If, as has been previously estimated, megalodons were so effing huge, why is it that we’ve not found more of them? Like all sharks, megalodon’s skeleton was made up of poorly mineralized cartilage which doesn’t fare well in the fossilization process. Finding a megalodon skeleton is, then, unlikely, but not impossible.
“Its vertebrae were weakly calcified, so they are occasionally preserved, but much of the fossil record of Megalodon is known from its hard well-mineralized teeth,” continued Shimada.

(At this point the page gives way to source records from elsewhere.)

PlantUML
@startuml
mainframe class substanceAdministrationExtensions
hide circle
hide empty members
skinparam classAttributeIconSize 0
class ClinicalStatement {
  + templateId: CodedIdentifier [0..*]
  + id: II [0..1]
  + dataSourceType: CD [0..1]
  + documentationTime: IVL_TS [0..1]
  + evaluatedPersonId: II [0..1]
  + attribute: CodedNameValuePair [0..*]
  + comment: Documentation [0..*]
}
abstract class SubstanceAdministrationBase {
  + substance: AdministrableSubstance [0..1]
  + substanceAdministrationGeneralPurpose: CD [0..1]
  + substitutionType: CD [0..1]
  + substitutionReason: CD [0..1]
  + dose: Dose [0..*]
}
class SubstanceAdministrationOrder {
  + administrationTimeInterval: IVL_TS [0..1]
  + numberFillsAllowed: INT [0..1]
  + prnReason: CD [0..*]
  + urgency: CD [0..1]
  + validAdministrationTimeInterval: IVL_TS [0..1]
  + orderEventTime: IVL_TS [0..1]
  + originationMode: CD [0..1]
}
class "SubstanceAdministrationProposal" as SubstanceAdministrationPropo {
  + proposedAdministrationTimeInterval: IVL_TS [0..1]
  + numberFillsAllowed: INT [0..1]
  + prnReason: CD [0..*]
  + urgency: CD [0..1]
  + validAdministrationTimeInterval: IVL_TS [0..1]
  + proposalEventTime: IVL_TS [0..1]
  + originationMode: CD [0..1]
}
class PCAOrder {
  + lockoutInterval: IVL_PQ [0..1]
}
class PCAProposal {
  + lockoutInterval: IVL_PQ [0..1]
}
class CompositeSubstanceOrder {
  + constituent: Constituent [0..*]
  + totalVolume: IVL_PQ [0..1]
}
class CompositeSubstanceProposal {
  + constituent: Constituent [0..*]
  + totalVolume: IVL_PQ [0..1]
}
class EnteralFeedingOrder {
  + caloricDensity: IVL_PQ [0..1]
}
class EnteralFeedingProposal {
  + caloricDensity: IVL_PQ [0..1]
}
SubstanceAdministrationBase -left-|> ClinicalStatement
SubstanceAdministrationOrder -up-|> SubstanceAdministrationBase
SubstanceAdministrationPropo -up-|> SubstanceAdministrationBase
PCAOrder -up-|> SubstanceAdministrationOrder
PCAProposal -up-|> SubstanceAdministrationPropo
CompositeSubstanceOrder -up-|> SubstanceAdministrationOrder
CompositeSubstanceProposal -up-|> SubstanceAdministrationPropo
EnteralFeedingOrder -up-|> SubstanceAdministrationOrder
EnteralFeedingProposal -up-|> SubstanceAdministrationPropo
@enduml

“If any skeletons are preserved in rocks somewhere, they must have become buried very rapidly before decay or scavenging by other organisms. Such skeleton-bearing rocks then must have survived through various geologic processes, including eventual weathering which is a typical way in which fossils become exposed and are discovered.”
In the meantime, we continue to speculate from the dribs and drabs of megalodon at our disposal, but what information they really provide on megalodon's body form remains unclear.
Marine animals certainly aren’t afraid to get creative when it comes to body plan. We need only look to the gulper eel for evidence that large jaws don’t always equal a girthy fish. While we await the discovery of some more comprehensive megalodon remains, perhaps Hollywood can pass the time letting their imaginations run wild for The Meg 2: This Time, It’s Noodly.